[Start of section]
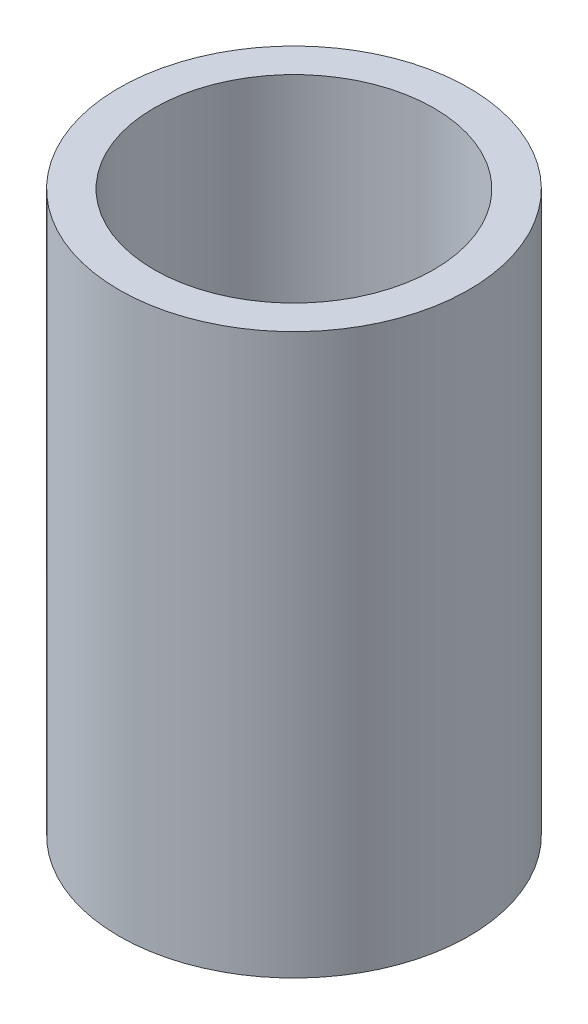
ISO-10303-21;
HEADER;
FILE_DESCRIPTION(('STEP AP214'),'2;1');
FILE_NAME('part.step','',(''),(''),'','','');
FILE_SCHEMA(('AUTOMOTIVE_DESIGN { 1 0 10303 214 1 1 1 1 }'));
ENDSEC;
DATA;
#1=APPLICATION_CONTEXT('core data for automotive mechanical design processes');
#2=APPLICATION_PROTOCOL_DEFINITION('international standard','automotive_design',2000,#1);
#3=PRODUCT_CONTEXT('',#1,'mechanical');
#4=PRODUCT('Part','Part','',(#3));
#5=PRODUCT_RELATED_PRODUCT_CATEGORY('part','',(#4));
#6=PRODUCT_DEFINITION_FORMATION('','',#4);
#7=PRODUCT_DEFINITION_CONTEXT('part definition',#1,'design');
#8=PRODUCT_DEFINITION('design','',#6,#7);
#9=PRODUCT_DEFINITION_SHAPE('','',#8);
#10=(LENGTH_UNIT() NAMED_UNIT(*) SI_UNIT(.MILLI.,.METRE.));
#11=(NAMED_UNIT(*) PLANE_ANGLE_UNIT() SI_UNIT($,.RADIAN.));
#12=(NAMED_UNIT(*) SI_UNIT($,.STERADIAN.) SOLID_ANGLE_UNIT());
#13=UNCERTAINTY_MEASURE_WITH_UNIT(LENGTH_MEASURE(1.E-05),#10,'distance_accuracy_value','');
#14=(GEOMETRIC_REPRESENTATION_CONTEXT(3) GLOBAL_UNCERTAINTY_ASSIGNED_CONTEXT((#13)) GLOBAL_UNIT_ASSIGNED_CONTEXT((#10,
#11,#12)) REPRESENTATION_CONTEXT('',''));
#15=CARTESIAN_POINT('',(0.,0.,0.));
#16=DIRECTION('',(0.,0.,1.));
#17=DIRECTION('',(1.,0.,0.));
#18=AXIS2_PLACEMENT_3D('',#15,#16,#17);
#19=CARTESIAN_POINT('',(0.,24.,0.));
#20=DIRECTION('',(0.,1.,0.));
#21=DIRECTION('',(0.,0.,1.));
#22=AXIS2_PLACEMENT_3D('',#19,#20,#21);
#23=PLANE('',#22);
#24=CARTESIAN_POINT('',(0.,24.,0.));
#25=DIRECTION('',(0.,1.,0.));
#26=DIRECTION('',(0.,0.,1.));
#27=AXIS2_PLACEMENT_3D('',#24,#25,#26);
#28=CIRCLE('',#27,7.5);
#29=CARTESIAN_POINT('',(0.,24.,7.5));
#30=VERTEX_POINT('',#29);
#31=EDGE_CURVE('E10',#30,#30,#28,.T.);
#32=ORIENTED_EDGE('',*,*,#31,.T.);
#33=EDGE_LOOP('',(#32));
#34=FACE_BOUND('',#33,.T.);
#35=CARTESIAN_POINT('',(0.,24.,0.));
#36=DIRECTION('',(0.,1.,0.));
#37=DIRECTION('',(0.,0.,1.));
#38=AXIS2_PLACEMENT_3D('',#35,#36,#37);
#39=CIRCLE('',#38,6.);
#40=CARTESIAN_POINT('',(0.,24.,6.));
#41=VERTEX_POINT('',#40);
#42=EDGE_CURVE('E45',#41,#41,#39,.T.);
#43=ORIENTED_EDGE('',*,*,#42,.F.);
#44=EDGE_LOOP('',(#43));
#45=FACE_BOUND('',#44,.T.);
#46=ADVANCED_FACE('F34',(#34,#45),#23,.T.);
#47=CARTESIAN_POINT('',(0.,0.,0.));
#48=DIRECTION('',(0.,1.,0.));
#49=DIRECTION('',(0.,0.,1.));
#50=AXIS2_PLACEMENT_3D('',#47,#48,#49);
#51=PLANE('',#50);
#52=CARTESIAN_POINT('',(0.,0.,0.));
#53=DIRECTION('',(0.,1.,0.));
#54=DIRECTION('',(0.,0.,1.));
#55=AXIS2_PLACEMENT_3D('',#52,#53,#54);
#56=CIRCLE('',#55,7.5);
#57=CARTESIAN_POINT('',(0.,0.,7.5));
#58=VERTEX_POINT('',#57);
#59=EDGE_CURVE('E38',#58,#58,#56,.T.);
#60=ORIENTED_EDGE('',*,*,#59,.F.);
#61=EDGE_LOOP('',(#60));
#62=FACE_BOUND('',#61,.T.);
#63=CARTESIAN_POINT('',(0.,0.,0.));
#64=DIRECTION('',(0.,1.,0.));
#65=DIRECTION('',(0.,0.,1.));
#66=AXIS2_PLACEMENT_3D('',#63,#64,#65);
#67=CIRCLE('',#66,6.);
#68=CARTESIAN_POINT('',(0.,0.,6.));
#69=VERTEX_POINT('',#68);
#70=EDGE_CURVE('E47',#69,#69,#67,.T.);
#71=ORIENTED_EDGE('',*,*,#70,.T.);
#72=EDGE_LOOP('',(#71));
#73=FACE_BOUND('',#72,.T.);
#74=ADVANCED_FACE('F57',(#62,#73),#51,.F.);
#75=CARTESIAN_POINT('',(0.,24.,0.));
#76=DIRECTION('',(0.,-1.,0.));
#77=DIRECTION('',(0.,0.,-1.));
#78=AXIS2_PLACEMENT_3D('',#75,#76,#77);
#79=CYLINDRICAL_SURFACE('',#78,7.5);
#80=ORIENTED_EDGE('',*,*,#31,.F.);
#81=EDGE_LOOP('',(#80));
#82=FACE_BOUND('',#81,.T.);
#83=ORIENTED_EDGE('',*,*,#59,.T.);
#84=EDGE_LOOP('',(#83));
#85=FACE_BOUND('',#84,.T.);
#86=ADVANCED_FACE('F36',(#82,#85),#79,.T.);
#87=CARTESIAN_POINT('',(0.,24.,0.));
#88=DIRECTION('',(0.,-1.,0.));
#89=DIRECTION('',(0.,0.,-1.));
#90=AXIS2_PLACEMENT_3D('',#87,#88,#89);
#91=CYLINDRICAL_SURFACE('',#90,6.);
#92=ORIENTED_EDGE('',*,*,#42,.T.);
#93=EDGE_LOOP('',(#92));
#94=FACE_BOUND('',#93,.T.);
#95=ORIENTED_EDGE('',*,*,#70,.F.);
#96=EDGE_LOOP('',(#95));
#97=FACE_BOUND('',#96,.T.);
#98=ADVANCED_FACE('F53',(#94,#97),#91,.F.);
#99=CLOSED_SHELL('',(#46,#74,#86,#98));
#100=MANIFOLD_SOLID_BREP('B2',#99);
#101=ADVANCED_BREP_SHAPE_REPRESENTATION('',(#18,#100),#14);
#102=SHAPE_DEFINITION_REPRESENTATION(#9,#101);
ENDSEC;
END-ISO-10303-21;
[End of section]
> [Aim of the exercise]:
Your answer should hold exactly the lines from the one containing "#72=EDGE_LOOP('',(#71));" to the last line of the data, both included, and no others.

> [Expected output]:
#72=EDGE_LOOP('',(#71));
#73=FACE_BOUND('',#72,.T.);
#74=ADVANCED_FACE('F57',(#62,#73),#51,.F.);
#75=CARTESIAN_POINT('',(0.,24.,0.));
#76=DIRECTION('',(0.,-1.,0.));
#77=DIRECTION('',(0.,0.,-1.));
#78=AXIS2_PLACEMENT_3D('',#75,#76,#77);
#79=CYLINDRICAL_SURFACE('',#78,7.5);
#80=ORIENTED_EDGE('',*,*,#31,.F.);
#81=EDGE_LOOP('',(#80));
#82=FACE_BOUND('',#81,.T.);
#83=ORIENTED_EDGE('',*,*,#59,.T.);
#84=EDGE_LOOP('',(#83));
#85=FACE_BOUND('',#84,.T.);
#86=ADVANCED_FACE('F36',(#82,#85),#79,.T.);
#87=CARTESIAN_POINT('',(0.,24.,0.));
#88=DIRECTION('',(0.,-1.,0.));
#89=DIRECTION('',(0.,0.,-1.));
#90=AXIS2_PLACEMENT_3D('',#87,#88,#89);
#91=CYLINDRICAL_SURFACE('',#90,6.);
#92=ORIENTED_EDGE('',*,*,#42,.T.);
#93=EDGE_LOOP('',(#92));
#94=FACE_BOUND('',#93,.T.);
#95=ORIENTED_EDGE('',*,*,#70,.F.);
#96=EDGE_LOOP('',(#95));
#97=FACE_BOUND('',#96,.T.);
#98=ADVANCED_FACE('F53',(#94,#97),#91,.F.);
#99=CLOSED_SHELL('',(#46,#74,#86,#98));
#100=MANIFOLD_SOLID_BREP('B2',#99);
#101=ADVANCED_BREP_SHAPE_REPRESENTATION('',(#18,#100),#14);
#102=SHAPE_DEFINITION_REPRESENTATION(#9,#101);
ENDSEC;
END-ISO-10303-21;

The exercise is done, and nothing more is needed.